An idea that I think was pretty interesting in this direction though is adding language level syntactic support to datalog for “mediation” by user defined relations. The pattern Z = foo(bar(X)) considered as a datalog query flattens to Z = W, foo(Y,W), bar(X,Y). A nice normal form of datalog doesn’t use repeated variables, but instead makes them all unique, but related by =. Z = W, foo(Y1,W), bar(X,Y), Y = Y1. A user defined mediation would allow you to replace = with a different relation like eq(Z,W), foo(Y1,W), bar(X,Y), eq(Y,Y1) or in the refinement matching case a user defined inequality relation le(Z,W), foo(Y1,W), bar(X,Y), le(Y,Y1). This mediation idea was tossed around during the development of egglog especially when we were still attempting encodings into Souffle and other systems. Basically the explicit eq form was how such an encoding works.

By the usual dictionary of concepts, the inequality union find should correspond to a ground atomic theory of equality and inequality statements like a = b /\ c <= d /\ a = c /\ p = q. “Solving” this system corresponds to running a generalized knuth bendix, saturation of ground knuth bendix + ground ordered chaining. This is overwrought in terms of conceptual complication though.

Comments on Refinement E-Graphs and Connections to Algebraic Subtyping

A new angle that has only come on my radar recently is that of subtyping ,which I became interested in for completely different reasons related to doing semantical refinement typing in Knuckledragger. In algebraic subtyping https://www.cs.tufts.edu/~nr/cs257/archive/stephen-dolan/thesis.pdf , Stephen Dolan speaks of the concepts of bisubstitutions and biunification. A significant distinction is made between terms and variables appearing in positive and negative / covariant and contravariant positions. This is a distinction that is not made or apparent in the equational counterpart. A good challenge problem for a refinement egraph is implement Hindley Milner with subtyping akin to Yihong’s implementation of Hindley Milner. https://egraphs-good.github.io/egglog-demo/?example=typeinfer

On a seemingly parallel but disjoint track is work in automated reasoning onm Ordered Chaining https://dl.acm.org/doi/pdf/10.1145/293347.293352 (Bachmair & Ganzinger) and Birewriting (Levy & Agusti) https://www.sciencedirect.com/science/article/pii/S074771719690053X in the 90s. See also Part 2 in this tutorial https://people.mpi-inf.mpg.de/alumni/ag2/2011/hg/index/index7.html (Ganzinger was goated). As usual with term rewriting, engaging with the literature here is pretty difficult. So far as I can tell, Stephen Dolan is not influenced or referencing this work, although they are clearly related to my eye. “Birewriting” is perfect counterpart terminology to “bisubstitution” and “biunification”

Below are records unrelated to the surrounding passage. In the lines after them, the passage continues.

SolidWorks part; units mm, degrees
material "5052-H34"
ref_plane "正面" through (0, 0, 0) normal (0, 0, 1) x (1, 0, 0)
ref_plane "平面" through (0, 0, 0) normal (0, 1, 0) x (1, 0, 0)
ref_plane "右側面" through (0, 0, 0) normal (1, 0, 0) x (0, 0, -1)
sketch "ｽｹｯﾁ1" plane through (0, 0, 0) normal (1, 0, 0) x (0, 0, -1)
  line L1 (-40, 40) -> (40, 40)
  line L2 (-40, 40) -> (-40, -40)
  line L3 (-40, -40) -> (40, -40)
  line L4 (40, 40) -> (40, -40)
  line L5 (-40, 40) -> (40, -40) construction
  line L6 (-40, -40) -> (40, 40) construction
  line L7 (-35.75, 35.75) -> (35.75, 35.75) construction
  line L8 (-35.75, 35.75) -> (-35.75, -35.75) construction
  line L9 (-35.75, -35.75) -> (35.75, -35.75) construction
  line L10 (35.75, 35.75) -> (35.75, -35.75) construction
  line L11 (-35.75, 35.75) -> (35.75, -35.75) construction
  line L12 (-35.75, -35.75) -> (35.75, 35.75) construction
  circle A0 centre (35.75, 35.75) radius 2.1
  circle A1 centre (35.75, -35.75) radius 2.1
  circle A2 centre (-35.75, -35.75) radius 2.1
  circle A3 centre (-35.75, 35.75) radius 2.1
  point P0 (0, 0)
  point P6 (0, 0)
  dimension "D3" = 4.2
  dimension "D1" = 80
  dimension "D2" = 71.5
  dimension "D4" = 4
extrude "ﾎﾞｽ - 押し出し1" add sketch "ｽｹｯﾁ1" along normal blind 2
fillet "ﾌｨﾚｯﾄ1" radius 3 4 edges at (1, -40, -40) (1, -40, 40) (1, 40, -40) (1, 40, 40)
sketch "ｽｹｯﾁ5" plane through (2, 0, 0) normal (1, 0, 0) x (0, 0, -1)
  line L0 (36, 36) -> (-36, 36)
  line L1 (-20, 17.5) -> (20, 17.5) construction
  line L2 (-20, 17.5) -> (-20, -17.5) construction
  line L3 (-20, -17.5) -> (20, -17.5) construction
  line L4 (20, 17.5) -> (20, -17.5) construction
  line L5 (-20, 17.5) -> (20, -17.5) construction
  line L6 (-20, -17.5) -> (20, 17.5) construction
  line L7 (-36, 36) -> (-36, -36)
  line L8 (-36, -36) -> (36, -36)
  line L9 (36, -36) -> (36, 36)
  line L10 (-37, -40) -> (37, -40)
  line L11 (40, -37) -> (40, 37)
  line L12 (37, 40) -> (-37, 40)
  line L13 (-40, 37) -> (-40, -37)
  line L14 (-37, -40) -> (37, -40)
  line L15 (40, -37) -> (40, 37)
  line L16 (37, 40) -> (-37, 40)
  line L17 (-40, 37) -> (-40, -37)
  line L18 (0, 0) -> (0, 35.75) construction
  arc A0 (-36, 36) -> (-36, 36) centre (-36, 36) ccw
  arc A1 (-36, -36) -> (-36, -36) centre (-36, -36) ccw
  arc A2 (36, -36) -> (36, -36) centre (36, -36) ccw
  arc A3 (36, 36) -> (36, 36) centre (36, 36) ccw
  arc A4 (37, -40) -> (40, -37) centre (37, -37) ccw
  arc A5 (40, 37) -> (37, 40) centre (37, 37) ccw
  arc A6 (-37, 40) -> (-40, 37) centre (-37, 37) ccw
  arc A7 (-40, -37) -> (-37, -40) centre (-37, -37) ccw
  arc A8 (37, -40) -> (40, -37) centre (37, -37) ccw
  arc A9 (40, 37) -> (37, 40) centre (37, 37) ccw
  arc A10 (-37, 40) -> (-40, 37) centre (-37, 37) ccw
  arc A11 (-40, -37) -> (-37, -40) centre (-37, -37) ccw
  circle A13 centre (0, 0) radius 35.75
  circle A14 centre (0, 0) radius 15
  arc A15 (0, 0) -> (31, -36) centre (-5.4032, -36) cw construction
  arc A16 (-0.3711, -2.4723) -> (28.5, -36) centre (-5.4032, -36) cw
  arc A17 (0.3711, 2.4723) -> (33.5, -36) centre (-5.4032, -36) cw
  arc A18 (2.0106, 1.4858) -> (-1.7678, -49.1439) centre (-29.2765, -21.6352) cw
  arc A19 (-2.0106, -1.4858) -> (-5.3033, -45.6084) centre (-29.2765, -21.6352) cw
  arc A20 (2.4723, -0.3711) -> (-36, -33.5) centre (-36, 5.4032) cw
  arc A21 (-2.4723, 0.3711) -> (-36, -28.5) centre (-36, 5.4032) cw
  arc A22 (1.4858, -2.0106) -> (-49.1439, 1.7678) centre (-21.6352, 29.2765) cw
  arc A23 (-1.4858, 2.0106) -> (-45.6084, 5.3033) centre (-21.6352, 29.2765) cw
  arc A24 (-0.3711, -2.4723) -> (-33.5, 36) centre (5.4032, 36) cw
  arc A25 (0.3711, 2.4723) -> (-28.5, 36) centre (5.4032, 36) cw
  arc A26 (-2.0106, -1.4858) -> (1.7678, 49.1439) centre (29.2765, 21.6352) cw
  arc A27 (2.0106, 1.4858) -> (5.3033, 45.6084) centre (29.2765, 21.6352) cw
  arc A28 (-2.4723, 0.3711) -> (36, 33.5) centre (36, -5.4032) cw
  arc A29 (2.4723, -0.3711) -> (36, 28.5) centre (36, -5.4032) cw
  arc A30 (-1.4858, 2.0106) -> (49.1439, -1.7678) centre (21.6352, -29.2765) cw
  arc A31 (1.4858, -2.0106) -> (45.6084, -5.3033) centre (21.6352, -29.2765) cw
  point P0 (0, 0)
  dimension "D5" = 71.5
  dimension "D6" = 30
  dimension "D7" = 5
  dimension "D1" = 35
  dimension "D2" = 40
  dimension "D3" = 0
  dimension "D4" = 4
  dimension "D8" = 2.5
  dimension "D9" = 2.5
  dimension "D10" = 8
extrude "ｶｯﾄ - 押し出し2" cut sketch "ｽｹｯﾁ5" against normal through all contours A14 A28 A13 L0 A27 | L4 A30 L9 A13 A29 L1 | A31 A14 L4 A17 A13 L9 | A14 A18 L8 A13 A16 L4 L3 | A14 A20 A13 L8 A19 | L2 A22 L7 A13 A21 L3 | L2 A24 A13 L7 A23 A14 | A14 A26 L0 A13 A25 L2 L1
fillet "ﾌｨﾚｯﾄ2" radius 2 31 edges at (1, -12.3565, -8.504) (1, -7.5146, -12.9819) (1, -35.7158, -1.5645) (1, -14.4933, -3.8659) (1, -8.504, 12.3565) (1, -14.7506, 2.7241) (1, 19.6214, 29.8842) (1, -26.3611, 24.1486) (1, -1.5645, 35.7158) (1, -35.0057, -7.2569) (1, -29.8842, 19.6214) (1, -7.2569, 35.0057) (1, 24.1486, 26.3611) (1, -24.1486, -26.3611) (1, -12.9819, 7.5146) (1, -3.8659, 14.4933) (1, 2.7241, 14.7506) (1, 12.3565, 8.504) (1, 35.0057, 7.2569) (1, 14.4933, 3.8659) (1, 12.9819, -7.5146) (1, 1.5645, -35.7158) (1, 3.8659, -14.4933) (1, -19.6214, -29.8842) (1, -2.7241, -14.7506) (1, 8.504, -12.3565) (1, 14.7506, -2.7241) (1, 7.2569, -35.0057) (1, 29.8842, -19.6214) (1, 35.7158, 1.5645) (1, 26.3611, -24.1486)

I think stating which arguments of functions are covariant/contravariant / monotonic / anti-monotonic is a key bit of extra data needed for refinement egraph rewriting.

Refinement egraph rewrite rules should look something like this foo(X+) <= bar(X+). One seeks a bisubstitution of the pattern variables foo(X) and a term t in the egraph such that t <= bisubst[foo(X+)] from which one can assert the inequality t <= bisubst[bar(X+)] into the refinement e-graph. This is a more complicated operation one every step than equational matching and it seems that even bottom-up e-matching become non-determinstic. The reason is that at every point while building your term, you may transition into your upper set in order to build t. t was a function of the pattern and substitution in the equational case of bottom up e-matching but this is no longer the case. The ability of the LEFind to iterate over all id’s larger than a given one is something you need to do this.

We could call this matching problem either “bi-matching” or “le-matching” (in reference to “e-matching”). It is in the general arena of e-matching, requiring search through all “larger” or “smaller” terms depending on whether you are in a contravariant or covariant position in the pattern.

Contextual Union Finds vs Inequality Union Finds

A different thing to talk about is a contextual e-graph or a contextual/colored union find. I believe this is a distinct thing from the refinement e-graph / inequality union find, but they are similar in some respects.

A contextual egraph https://www.philipzucker.com/egraph-mt2/ lets you make equality assertions under hypothetical situations like y != 0 |- x * y / y = x. The more constrained hypotheses inherit the equalities from the less constrained contexts and there is a partial ordering to contexts. x > 42 ==> x > 0 or x != 0 /\ y != 0 ===> y != 0.

Whereas the refinement egraph doesn’t make you say when or why something is <=. It just gives you the ability to make unidirectional rewrite assertions.

They do seem similar in that they are both reasonable ways to model the more subtly constrained rewrites that may be desirable in a compiler.

Disequality

If you add “forbid” lists, you can also support disequality != https://dl.acm.org/doi/10.1145/3704913 , which feels like a natural rounding out of capabilities. It is interesting to note that there is almost always counterparts to generalized union finds, hash conses, and egraphs. Take your favorite weird egraph, only let terms be atomic, you’ve got a union find. Take you favorite union find twist, toss on a hash cons, you’ve got an interesting egraph. Take an egraph, don’t ever call union, you’ve got a hash cons.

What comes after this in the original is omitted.